#### Excerpted records
<<<<
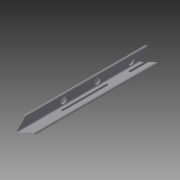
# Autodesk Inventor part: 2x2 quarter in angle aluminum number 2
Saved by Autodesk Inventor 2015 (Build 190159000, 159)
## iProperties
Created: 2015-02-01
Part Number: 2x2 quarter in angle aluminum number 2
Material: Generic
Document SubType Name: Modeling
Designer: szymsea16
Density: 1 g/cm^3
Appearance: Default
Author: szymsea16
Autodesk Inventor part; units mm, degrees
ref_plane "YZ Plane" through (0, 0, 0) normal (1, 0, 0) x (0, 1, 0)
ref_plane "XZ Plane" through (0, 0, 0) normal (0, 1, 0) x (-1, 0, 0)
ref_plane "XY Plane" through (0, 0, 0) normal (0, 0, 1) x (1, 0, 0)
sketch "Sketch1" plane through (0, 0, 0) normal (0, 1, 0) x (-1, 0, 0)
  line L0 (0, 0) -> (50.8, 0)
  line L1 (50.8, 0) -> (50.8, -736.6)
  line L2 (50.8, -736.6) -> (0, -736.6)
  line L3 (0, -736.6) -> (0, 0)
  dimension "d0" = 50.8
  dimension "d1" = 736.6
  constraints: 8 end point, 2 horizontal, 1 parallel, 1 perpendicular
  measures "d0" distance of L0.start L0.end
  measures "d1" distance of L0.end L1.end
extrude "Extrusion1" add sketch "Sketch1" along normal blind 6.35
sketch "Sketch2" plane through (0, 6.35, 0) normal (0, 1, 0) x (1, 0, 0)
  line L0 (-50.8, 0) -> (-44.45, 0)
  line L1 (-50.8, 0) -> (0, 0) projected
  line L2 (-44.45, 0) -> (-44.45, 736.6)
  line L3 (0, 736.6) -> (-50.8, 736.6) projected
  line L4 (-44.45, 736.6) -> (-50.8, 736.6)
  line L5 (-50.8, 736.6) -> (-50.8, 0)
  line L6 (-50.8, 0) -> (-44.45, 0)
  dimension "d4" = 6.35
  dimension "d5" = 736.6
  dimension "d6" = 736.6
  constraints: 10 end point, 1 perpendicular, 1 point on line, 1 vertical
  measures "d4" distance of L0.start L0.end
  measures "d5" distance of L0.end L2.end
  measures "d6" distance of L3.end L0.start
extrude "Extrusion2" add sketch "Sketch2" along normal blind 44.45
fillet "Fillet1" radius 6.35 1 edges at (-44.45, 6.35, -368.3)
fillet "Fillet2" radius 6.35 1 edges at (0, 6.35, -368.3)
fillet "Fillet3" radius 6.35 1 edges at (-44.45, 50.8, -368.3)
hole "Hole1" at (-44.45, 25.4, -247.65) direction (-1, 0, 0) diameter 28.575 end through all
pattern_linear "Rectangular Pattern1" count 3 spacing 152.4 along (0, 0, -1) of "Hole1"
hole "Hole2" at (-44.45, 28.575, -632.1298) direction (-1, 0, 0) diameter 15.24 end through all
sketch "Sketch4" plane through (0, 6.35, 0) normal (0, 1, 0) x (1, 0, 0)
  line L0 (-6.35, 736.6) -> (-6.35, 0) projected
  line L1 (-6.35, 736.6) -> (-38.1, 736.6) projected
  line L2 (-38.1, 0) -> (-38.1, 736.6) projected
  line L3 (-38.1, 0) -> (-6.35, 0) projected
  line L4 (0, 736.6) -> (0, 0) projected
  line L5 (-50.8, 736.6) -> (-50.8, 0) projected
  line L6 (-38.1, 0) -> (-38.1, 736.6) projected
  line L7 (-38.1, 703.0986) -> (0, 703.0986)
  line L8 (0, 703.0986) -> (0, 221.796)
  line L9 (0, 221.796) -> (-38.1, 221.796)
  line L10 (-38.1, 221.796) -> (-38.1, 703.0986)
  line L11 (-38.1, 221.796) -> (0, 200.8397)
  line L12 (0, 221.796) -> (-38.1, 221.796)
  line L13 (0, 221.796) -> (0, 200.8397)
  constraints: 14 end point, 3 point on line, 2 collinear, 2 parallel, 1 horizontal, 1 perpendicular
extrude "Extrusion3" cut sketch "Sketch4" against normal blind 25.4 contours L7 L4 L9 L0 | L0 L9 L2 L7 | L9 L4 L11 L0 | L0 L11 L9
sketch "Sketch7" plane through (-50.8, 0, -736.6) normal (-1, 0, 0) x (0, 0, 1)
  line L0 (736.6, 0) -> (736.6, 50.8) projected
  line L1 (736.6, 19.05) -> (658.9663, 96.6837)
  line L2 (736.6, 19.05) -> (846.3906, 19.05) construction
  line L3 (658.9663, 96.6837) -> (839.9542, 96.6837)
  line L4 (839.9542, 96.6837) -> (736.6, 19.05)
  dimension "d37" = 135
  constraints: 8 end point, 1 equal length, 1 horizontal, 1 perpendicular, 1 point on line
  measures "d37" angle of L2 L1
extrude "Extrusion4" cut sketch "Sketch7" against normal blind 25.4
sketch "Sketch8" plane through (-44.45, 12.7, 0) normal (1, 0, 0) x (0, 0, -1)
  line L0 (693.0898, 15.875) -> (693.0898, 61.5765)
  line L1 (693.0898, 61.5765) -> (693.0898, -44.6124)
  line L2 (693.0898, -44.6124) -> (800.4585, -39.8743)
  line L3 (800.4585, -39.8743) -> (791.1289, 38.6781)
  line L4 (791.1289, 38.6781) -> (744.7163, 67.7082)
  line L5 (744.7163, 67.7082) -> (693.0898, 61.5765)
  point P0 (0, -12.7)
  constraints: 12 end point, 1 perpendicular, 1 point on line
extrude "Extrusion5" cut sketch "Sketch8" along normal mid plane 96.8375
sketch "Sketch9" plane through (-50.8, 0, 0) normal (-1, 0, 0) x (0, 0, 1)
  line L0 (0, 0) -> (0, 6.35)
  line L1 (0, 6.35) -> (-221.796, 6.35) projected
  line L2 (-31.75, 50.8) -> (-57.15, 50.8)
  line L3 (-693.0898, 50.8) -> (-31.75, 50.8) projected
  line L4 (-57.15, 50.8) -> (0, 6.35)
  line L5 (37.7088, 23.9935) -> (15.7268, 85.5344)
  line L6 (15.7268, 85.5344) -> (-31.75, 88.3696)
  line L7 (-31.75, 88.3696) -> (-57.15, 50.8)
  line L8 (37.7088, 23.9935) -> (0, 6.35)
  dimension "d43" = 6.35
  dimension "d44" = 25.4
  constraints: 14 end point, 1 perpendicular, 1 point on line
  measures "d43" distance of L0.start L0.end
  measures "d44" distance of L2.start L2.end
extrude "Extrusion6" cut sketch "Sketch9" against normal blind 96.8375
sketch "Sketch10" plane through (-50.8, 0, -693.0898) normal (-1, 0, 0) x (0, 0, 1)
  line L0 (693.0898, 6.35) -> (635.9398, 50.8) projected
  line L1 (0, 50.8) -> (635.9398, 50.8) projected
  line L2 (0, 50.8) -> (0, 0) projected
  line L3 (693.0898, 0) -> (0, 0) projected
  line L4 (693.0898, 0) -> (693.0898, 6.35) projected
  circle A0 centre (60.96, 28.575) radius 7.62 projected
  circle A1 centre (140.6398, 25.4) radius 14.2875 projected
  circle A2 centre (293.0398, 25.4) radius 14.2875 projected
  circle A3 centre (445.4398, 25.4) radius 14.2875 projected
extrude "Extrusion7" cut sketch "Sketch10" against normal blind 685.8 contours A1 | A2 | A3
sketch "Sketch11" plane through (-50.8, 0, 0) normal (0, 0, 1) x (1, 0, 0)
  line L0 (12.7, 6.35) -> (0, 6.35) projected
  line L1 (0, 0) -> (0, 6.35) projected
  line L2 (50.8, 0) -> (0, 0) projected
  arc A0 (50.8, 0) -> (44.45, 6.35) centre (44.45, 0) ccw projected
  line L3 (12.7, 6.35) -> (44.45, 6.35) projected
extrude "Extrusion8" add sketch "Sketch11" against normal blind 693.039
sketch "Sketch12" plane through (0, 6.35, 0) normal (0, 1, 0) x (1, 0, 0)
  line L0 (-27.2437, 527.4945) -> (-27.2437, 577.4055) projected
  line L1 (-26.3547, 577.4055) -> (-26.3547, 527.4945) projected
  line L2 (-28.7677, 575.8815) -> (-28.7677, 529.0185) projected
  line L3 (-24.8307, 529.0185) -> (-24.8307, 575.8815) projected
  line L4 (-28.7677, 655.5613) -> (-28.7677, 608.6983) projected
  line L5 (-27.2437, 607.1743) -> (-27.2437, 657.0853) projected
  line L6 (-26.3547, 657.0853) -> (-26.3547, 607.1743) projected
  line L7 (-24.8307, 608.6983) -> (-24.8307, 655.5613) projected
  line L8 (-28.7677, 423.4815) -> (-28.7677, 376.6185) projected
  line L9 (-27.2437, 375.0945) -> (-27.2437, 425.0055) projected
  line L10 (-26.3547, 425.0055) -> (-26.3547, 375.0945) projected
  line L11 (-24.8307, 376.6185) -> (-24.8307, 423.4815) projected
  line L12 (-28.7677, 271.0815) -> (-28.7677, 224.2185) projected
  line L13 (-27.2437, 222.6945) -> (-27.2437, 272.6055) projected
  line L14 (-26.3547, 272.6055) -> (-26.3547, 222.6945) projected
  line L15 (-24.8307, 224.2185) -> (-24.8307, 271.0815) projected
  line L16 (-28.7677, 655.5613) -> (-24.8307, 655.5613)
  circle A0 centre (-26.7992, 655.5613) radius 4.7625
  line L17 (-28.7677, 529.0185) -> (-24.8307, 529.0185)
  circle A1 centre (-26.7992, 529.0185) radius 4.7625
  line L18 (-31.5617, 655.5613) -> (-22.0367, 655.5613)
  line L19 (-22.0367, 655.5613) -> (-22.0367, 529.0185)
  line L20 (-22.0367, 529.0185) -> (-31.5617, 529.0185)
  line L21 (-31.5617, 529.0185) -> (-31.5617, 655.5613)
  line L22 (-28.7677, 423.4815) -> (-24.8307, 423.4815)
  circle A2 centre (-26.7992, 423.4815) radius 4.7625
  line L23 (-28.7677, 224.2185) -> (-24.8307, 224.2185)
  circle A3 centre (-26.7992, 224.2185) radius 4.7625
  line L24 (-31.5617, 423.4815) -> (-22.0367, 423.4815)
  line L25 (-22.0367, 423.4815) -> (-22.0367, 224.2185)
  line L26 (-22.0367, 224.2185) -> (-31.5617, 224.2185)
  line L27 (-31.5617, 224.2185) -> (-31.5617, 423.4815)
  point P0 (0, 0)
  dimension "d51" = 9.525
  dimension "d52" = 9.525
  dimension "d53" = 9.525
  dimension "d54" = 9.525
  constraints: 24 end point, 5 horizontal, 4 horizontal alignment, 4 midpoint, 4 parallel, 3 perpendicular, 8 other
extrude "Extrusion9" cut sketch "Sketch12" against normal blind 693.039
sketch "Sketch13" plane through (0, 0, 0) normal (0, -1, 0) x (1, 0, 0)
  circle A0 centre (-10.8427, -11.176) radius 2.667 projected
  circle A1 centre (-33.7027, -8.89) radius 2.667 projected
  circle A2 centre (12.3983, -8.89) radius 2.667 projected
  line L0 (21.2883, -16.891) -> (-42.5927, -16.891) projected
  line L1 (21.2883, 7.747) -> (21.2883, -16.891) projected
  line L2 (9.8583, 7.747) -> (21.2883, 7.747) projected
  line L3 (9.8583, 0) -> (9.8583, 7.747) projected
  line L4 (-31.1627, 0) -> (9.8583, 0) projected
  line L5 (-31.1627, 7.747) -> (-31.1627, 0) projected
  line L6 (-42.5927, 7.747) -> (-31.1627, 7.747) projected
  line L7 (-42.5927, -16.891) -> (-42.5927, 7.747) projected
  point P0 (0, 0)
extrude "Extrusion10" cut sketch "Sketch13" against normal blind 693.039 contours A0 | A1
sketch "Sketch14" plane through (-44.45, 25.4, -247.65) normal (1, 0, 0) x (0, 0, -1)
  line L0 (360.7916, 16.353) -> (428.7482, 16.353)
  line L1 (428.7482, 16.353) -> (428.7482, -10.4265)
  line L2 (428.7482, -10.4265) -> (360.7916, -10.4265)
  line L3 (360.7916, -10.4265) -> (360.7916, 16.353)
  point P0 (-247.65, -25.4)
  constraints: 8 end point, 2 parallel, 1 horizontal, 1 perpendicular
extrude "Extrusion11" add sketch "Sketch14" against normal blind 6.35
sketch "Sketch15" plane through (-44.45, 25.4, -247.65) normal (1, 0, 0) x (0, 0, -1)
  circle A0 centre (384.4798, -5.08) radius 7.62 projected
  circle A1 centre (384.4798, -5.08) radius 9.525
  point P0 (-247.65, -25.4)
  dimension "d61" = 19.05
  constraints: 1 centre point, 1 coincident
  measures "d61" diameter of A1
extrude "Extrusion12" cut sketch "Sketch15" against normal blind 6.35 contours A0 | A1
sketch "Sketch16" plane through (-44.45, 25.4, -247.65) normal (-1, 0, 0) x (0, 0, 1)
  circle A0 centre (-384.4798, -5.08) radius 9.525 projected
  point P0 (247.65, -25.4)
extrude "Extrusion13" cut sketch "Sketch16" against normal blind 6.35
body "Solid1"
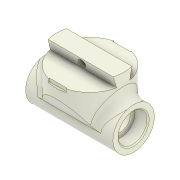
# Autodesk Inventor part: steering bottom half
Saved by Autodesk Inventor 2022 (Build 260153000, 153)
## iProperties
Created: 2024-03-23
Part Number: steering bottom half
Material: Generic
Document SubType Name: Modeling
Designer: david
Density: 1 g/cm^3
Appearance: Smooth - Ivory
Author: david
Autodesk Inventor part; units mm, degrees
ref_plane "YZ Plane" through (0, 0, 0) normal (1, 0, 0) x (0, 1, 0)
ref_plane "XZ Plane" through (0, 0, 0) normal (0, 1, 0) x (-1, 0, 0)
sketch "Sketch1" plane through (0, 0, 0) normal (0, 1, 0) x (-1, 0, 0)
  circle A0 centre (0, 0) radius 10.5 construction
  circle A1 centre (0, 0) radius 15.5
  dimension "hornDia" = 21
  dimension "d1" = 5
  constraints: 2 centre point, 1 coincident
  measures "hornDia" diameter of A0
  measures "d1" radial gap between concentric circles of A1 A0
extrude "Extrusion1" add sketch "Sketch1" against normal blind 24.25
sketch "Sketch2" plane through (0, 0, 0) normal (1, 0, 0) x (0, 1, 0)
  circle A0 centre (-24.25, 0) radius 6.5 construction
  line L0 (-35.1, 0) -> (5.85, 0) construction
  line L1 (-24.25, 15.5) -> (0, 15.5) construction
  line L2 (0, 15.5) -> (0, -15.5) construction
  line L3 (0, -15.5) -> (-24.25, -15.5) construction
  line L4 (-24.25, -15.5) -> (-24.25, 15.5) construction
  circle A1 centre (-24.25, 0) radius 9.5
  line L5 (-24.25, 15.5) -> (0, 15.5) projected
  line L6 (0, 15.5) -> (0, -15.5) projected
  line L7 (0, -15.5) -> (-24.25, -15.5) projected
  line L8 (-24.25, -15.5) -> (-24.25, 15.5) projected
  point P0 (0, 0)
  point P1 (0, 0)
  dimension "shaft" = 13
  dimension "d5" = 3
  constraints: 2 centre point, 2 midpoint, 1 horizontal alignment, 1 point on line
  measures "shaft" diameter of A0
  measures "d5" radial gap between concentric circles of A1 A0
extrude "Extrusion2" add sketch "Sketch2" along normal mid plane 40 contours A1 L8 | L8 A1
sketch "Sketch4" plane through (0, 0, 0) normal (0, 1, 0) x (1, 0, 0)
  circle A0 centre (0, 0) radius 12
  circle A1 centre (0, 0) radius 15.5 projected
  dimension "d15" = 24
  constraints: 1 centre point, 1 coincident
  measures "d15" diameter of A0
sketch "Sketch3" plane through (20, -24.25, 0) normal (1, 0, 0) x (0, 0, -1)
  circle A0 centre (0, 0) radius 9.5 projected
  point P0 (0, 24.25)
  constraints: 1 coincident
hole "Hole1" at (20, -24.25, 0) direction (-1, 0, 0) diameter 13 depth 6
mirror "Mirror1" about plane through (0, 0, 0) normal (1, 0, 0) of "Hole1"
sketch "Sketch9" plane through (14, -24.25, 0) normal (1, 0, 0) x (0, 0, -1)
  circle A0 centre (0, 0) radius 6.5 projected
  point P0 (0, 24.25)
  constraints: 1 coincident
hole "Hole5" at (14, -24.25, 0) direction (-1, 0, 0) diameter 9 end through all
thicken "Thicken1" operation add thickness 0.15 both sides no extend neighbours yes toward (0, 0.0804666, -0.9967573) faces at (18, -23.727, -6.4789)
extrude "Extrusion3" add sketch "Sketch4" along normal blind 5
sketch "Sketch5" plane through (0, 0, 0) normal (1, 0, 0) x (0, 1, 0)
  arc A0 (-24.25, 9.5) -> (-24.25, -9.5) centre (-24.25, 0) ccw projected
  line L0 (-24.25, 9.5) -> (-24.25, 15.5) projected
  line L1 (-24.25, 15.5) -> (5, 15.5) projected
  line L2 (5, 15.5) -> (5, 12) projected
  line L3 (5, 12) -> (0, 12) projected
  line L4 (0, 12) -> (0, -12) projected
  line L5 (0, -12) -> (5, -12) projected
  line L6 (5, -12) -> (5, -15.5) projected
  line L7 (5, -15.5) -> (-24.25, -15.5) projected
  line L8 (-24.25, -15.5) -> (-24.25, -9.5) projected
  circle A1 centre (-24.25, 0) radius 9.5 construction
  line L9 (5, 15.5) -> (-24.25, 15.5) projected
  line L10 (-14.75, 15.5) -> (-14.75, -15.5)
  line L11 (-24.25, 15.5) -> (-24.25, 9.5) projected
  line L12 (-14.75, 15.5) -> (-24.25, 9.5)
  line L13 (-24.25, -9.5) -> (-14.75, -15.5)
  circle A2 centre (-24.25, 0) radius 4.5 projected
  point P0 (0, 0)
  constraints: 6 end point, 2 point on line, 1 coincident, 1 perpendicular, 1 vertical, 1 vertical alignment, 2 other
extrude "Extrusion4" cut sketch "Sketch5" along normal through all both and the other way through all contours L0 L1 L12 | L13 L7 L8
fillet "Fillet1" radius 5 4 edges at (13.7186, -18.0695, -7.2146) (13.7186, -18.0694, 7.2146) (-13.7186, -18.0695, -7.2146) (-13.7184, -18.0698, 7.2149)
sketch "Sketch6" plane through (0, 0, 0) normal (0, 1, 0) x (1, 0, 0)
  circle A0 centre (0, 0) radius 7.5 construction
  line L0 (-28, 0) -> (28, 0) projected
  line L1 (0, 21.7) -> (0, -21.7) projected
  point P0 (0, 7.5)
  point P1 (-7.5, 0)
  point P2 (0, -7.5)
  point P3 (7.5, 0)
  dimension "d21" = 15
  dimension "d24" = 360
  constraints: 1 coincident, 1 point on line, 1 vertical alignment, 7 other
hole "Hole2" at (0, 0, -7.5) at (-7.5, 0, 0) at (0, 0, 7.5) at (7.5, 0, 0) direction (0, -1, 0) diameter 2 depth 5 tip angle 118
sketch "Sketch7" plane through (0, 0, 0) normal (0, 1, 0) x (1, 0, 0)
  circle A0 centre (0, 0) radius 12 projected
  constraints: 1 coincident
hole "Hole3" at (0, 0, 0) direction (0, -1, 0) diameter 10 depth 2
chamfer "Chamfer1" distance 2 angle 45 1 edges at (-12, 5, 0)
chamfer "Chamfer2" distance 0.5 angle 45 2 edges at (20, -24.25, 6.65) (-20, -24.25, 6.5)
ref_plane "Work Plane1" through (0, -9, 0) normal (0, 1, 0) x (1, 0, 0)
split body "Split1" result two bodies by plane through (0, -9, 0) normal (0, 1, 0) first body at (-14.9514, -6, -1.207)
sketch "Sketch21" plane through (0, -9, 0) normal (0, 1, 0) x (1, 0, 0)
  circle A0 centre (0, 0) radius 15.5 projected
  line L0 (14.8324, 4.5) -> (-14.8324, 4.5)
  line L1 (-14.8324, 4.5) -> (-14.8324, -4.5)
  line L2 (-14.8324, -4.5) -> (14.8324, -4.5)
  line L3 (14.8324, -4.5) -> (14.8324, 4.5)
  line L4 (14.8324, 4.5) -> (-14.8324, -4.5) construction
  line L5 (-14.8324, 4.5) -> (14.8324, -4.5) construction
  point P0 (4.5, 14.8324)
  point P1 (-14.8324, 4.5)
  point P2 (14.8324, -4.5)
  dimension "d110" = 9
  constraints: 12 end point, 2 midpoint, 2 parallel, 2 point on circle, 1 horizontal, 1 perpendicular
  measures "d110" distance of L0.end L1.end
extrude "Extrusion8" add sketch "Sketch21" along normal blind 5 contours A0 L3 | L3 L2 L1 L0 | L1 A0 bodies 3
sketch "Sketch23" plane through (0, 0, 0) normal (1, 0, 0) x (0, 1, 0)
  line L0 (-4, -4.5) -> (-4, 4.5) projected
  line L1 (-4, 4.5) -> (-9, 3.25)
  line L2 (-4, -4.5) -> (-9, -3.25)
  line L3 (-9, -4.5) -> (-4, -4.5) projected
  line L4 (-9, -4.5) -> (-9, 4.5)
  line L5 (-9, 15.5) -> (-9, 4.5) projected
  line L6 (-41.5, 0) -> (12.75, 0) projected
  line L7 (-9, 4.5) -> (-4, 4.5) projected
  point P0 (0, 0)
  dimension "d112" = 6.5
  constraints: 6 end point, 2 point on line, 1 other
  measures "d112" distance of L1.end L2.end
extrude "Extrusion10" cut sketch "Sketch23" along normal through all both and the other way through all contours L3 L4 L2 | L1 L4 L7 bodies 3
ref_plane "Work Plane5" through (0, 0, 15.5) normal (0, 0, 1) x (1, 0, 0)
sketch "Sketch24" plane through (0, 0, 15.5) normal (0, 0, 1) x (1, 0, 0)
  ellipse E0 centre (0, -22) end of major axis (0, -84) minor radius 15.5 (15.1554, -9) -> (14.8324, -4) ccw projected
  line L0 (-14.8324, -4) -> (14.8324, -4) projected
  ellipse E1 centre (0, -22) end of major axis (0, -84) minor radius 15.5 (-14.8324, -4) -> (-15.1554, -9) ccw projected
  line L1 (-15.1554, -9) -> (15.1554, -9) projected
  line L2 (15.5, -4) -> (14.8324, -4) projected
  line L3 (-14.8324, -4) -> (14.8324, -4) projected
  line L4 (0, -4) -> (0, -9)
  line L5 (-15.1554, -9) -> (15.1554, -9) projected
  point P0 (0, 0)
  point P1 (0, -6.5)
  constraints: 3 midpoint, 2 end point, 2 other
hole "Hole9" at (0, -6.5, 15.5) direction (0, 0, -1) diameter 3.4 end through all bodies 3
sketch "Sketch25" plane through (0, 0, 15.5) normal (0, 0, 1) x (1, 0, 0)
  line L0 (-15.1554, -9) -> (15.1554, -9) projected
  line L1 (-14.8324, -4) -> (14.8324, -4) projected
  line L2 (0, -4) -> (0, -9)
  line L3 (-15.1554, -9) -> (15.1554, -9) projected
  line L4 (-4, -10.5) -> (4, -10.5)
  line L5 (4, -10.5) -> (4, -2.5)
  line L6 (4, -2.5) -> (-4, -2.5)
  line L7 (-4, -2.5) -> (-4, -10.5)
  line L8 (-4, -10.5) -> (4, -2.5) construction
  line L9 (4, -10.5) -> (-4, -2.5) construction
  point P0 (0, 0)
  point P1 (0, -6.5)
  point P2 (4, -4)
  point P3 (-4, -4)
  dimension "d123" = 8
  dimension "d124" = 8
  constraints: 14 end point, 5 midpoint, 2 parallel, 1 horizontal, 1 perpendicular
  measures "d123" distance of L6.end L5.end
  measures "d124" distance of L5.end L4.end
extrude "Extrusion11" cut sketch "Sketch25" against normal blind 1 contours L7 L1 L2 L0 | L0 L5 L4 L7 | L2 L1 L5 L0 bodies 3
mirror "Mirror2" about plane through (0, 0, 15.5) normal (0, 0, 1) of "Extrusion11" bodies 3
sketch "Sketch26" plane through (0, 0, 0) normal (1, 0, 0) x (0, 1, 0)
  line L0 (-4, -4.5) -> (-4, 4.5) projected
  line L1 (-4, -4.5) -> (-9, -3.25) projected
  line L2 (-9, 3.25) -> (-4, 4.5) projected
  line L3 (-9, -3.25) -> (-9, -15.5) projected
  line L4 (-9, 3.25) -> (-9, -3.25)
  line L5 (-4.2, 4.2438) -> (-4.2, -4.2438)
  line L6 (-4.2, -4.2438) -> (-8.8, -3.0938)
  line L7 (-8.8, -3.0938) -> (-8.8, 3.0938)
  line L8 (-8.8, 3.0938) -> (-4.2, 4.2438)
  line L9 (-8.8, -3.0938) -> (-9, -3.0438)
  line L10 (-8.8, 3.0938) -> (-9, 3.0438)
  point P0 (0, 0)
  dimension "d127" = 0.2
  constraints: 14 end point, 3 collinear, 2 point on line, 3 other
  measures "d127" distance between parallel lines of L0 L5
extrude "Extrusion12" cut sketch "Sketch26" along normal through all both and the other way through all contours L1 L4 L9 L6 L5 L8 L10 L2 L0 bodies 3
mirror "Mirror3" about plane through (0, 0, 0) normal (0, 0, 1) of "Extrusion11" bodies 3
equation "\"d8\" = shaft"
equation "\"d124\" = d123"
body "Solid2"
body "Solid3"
>>>>
#### Activity
Lines wanted from the listing above: the line with "line L2 (736.6, 19.05)" up to and including the line with "line L0 (0, 0) -> (0, 6.35)". Please write them out exactly, adding nothing else.

#### Answer section
  line L2 (736.6, 19.05) -> (846.3906, 19.05) construction
  line L3 (658.9663, 96.6837) -> (839.9542, 96.6837)
  line L4 (839.9542, 96.6837) -> (736.6, 19.05)
  dimension "d37" = 135
  constraints: 8 end point, 1 equal length, 1 horizontal, 1 perpendicular, 1 point on line
  measures "d37" angle of L2 L1
extrude "Extrusion4" cut sketch "Sketch7" against normal blind 25.4
sketch "Sketch8" plane through (-44.45, 12.7, 0) normal (1, 0, 0) x (0, 0, -1)
  line L0 (693.0898, 15.875) -> (693.0898, 61.5765)
  line L1 (693.0898, 61.5765) -> (693.0898, -44.6124)
  line L2 (693.0898, -44.6124) -> (800.4585, -39.8743)
  line L3 (800.4585, -39.8743) -> (791.1289, 38.6781)
  line L4 (791.1289, 38.6781) -> (744.7163, 67.7082)
  line L5 (744.7163, 67.7082) -> (693.0898, 61.5765)
  point P0 (0, -12.7)
  constraints: 12 end point, 1 perpendicular, 1 point on line
extrude "Extrusion5" cut sketch "Sketch8" along normal mid plane 96.8375
sketch "Sketch9" plane through (-50.8, 0, 0) normal (-1, 0, 0) x (0, 0, 1)
  line L0 (0, 0) -> (0, 6.35)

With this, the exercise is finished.